Three changes from review:

1. decodeMultipartFilename now bails out early when any code point in
   the input exceeds 0xFF. multer can hand us an already-decoded UTF-8
   string when the client uses the RFC 5987 `filename*` parameter, and
   the previous round-trip-only check would corrupt those names — for
   example, a properly decoded `测试文档.docx` could be re-mangled into
   `KՇc.docx` because the latin1-encoded bytes happened to form a
   valid UTF-8 sequence.
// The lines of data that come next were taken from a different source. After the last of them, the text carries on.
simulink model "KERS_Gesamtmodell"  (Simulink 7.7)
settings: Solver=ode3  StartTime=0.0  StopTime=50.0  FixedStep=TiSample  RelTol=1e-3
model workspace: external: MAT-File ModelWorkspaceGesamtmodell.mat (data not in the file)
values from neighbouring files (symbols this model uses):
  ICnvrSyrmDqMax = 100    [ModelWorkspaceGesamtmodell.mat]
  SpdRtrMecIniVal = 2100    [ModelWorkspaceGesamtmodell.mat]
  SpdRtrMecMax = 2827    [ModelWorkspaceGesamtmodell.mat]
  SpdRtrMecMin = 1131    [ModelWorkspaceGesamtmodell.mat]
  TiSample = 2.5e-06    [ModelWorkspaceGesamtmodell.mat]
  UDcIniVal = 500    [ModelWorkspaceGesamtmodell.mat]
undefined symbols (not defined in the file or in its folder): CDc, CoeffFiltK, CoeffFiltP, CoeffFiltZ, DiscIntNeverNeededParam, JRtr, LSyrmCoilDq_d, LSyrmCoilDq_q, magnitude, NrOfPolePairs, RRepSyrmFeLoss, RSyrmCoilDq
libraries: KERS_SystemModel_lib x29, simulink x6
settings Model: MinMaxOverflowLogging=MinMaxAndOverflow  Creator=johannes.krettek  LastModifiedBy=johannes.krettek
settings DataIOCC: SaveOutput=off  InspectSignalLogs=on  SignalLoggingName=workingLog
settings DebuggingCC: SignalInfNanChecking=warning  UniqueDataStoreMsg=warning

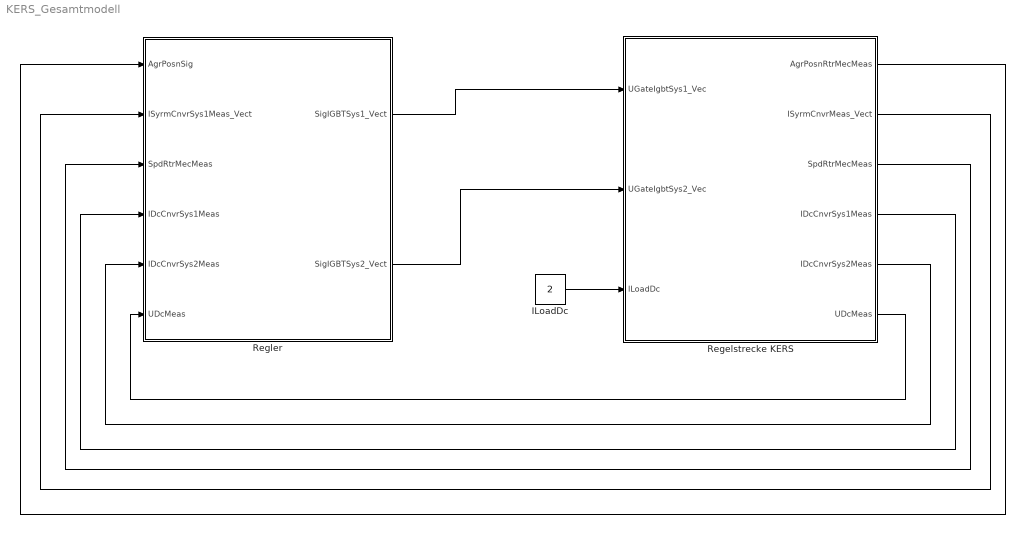
== system KERS_Gesamtmodell ==
  ILoadDc : Constant  Value=2
  Regelstrecke KERS : Subsystem
  Regler : Subsystem
  wires:
  Regler/1(SigIGBTSys1_Vect) -> Regelstrecke KERS/1(UGateIgbtSys1_Vec)
  Regelstrecke KERS/1(AgrPosnRtrMecMeas) -> Regler/1(AgrPosnSig)
  Regelstrecke KERS/2(ISyrmCnvrMeas_Vect) -> Regler/2(ISyrmCnvrSys1Meas_Vect)
  ILoadDc/1 -> Regelstrecke KERS/3(ILoadDc)
  Regler/2(SigIGBTSys2_Vect) -> Regelstrecke KERS/2(UGateIgbtSys2_Vec)
  Regelstrecke KERS/4(IDcCnvrSys1Meas) -> Regler/4(IDcCnvrSys1Meas)
  Regelstrecke KERS/5(IDcCnvrSys2Meas) -> Regler/5(IDcCnvrSys2Meas)
  Regelstrecke KERS/6(UDcMeas) -> Regler/6(UDcMeas)
  Regelstrecke KERS/3(SpdRtrMecMeas) -> Regler/3(SpdRtrMecMeas)

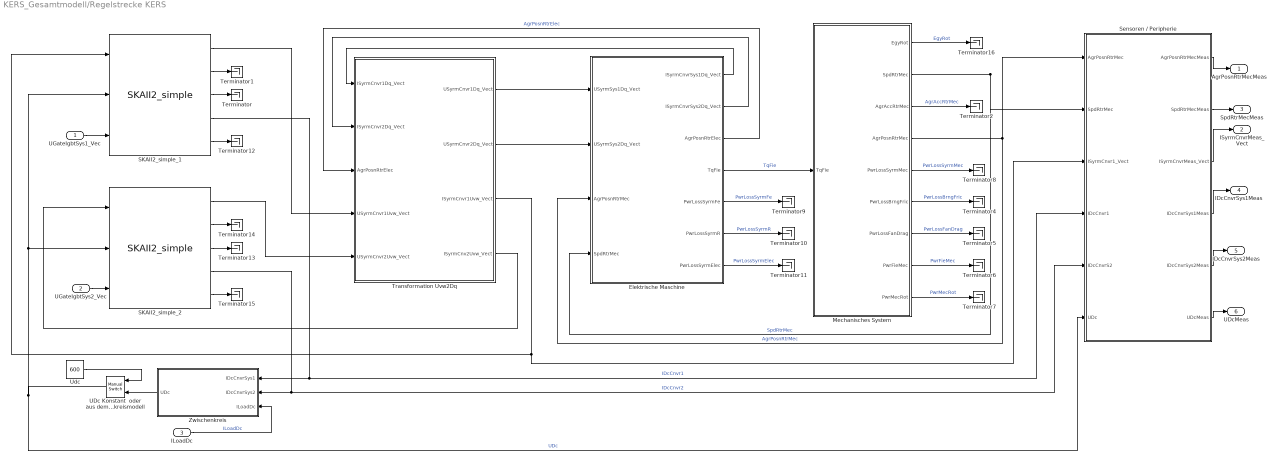
== system KERS_Gesamtmodell/Regelstrecke KERS ==
  UGateIgbtSys1_Vec : Inport  Interpolate=off
  UGateIgbtSys2_Vec : Inport  Port=2  Interpolate=off
  ILoadDc : Inport  Port=3  Interpolate=off
  Elektrische Maschine : Subsystem
  Mechanisches System : Subsystem
  SKAII2_simple_1 : KERS_SystemModel_lib/Leistungselektronik/SKAII2_simple  SystemSampleTime=-1
  SKAII2_simple_2 : KERS_SystemModel_lib/Leistungselektronik/SKAII2_simple  SystemSampleTime=-1
  Sensoren / Peripherie : Subsystem
  Terminator{,1..2,4..16} (16 alike) : Terminator
  Transformation Uvw2Dq : Subsystem
  UDc Konstant  oder aus dem Zwischenkreismodell : simulink/Signal Routing/Manual Switch  SystemSampleTime=-1  sw=0  action=0  varsize=off
  Udc : Constant  Value=600
  Zwischenkreis : Subsystem
  AgrPosnRtrMecMeas : Outport
  ISyrmCnvrMeas_Vect : Outport  Port=2
  SpdRtrMecMeas : Outport  Port=3
  IDcCnvrSys1Meas : Outport  Port=4
  IDcCnvrSys2Meas : Outport  Port=5
  UDcMeas : Outport  Port=6
  wires:
  Mechanisches System/2(SpdRtrMec) -> Elektrische Maschine/4(SpdRtrMec), Sensoren / Peripherie/2(SpdRtrMec)  "SpdRtrMec"
  Mechanisches System/4(AgrPosnRtrMec) -> Elektrische Maschine/3(AgrPosnRtrMec), Sensoren / Peripherie/1(AgrPosnRtrMec)  "AgrPosnRtrMec"
  Elektrische Maschine/4(TqFie) -> Mechanisches System/1(TqFie)  "TqFie"
  UGateIgbtSys1_Vec/1 -> SKAII2_simple_1/3
  Mechanisches System/1(EgyRot) -> Terminator16/1  "EgyRot"
  Mechanisches System/3(AgrAccRtrMec) -> Terminator2/1  "AgrAccRtrMec"
  Elektrische Maschine/5(PwrLossSyrmFe) -> Terminator9/1  "PwrLossSyrmFe"
  Elektrische Maschine/7(PwrLossSyrmElec) -> Terminator11/1  "PwrLossSyrmElec"
  Mechanisches System/6(PwrLossBrngFric) -> Terminator4/1  "PwrLossBrngFric"
  Mechanisches System/7(PwrLossFanDrag) -> Terminator5/1  "PwrLossFanDrag"
  Mechanisches System/9(PwrMecRot) -> Terminator7/1  "PwrMecRot"
  Mechanisches System/5(PwrLossSyrmMec) -> Terminator8/1  "PwrLossSyrmMec"
  Mechanisches System/8(PwrFieMec) -> Terminator6/1  "PwrFieMec"
  Elektrische Maschine/6(PwrLossSyrmR) -> Terminator10/1  "PwrLossSyrmR"
  SKAII2_simple_1/2 -> Terminator1/1
  SKAII2_simple_1/3 -> Terminator/1
  SKAII2_simple_1/5 -> Terminator12/1
  SKAII2_simple_2/2 -> Terminator14/1
  SKAII2_simple_2/3 -> Terminator13/1
  SKAII2_simple_2/5 -> Terminator15/1
  SKAII2_simple_2/4 -> Zwischenkreis/2(IDcCnvrSys2), Sensoren / Peripherie/5(IDcCnvrS2)  "IDcCnvr2"
  UGateIgbtSys2_Vec/1 -> SKAII2_simple_2/3
  Transformation Uvw2Dq/4(ISyrmCnv2Uvw_Vect) -> SKAII2_simple_2/1
  Transformation Uvw2Dq/3(ISyrmCnvr1Uvw_Vect) -> SKAII2_simple_1/1, Sensoren / Peripherie/3(ISyrmCnvr1_Vect)
  Elektrische Maschine/1(ISyrmCnvrSys1Dq_Vect) -> Transformation Uvw2Dq/1(ISyrmCnvr1Dq_Vect)
  Elektrische Maschine/2(ISyrmCnvrSys2Dq_Vect) -> Transformation Uvw2Dq/2(ISyrmCnvr2Dq_Vect)
  Elektrische Maschine/3(AgrPosnRtrElec) -> Transformation Uvw2Dq/3(AgrPosnRtrElec)  "AgrPosnRtrElec"
  Transformation Uvw2Dq/1(USyrmCnvr1Dq_Vect) -> Elektrische Maschine/1(USyrmSys1Dq_Vect)
  Transformation Uvw2Dq/2(USyrmCnvr2Dq_Vect) -> Elektrische Maschine/2(USyrmSys2Dq_Vect)
  SKAII2_simple_1/1 -> Transformation Uvw2Dq/4(USyrmCnvr1Uvw_Vect)
  SKAII2_simple_2/1 -> Transformation Uvw2Dq/5(USyrmCnvr2Uvw_Vect)
  SKAII2_simple_1/4 -> Zwischenkreis/1(IDcCnvrSys1), Sensoren / Peripherie/4(IDcCnvr1)  "IDcCnvr1"
  ILoadDc/1 -> Zwischenkreis/3(ILoadDc)  "ILoadDc"
  Udc/1 -> UDc Konstant  oder aus dem Zwischenkreismodell/1
  Zwischenkreis/1(UDc) -> UDc Konstant  oder aus dem Zwischenkreismodell/2
  UDc Konstant  oder aus dem Zwischenkreismodell/1 -> SKAII2_simple_2/2, SKAII2_simple_1/2, Sensoren / Peripherie/6(UDc)  "UDc"
  Sensoren / Peripherie/3(ISyrmCnvrMeas_Vect) -> ISyrmCnvrMeas_Vect/1
  Sensoren / Peripherie/4(IDcCnvrSys1Meas) -> IDcCnvrSys1Meas/1
  Sensoren / Peripherie/5(IDcCnvrSys2Meas) -> IDcCnvrSys2Meas/1
  Sensoren / Peripherie/1(AgrPosnRtrMecMeas) -> AgrPosnRtrMecMeas/1
  Sensoren / Peripherie/6(UDcMeas) -> UDcMeas/1
  Sensoren / Peripherie/2(SpdRtrMecMeas) -> SpdRtrMecMeas/1

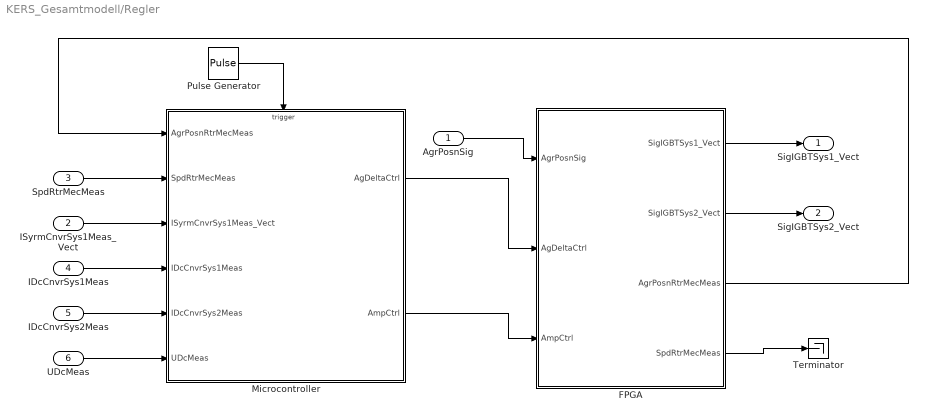
== system KERS_Gesamtmodell/Regler ==
  AgrPosnSig : Inport
  ISyrmCnvrSys1Meas_Vect : Inport  Port=2
  SpdRtrMecMeas : Inport  Port=3
  IDcCnvrSys1Meas : Inport  Port=4
  IDcCnvrSys2Meas : Inport  Port=5
  UDcMeas : Inport  Port=6
  FPGA : Subsystem
  Microcontroller : Subsystem
  Pulse Generator : DiscretePulseGenerator  PulseType=Time based  Period=TiSample*10  PulseWidth=50
  Terminator : Terminator
  SigIGBTSys1_Vect : Outport
  SigIGBTSys2_Vect : Outport  Port=2
  wires:
  FPGA/1(SigIGBTSys1_Vect) -> SigIGBTSys1_Vect/1
  FPGA/2(SigIGBTSys2_Vect) -> SigIGBTSys2_Vect/1
  Microcontroller/1(AgDeltaCtrl) -> FPGA/2(AgDeltaCtrl)
  Microcontroller/2(AmpCtrl) -> FPGA/3(AmpCtrl)
  AgrPosnSig/1 -> FPGA/1(AgrPosnSig)
  FPGA/3(AgrPosnRtrMecMeas) -> Microcontroller/1(AgrPosnRtrMecMeas)
  ISyrmCnvrSys1Meas_Vect/1 -> Microcontroller/3(ISyrmCnvrSys1Meas_Vect)
  IDcCnvrSys1Meas/1 -> Microcontroller/4(IDcCnvrSys1Meas)
  IDcCnvrSys2Meas/1 -> Microcontroller/5(IDcCnvrSys2Meas)
  UDcMeas/1 -> Microcontroller/6(UDcMeas)
  Pulse Generator/1 -> Microcontroller/Trigger
  SpdRtrMecMeas/1 -> Microcontroller/2(SpdRtrMecMeas)
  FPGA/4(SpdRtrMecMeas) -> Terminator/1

Code points above 0xFF can never appear in a
   genuine latin1-decoding-of-utf8 input, so they're an unambiguous
   signal that no further decoding should run.

2. decodeMultipartFilename now handles null/undefined defensively (it
   was relying on multer always populating originalname; this just
   makes the helper safer to reuse from other call sites).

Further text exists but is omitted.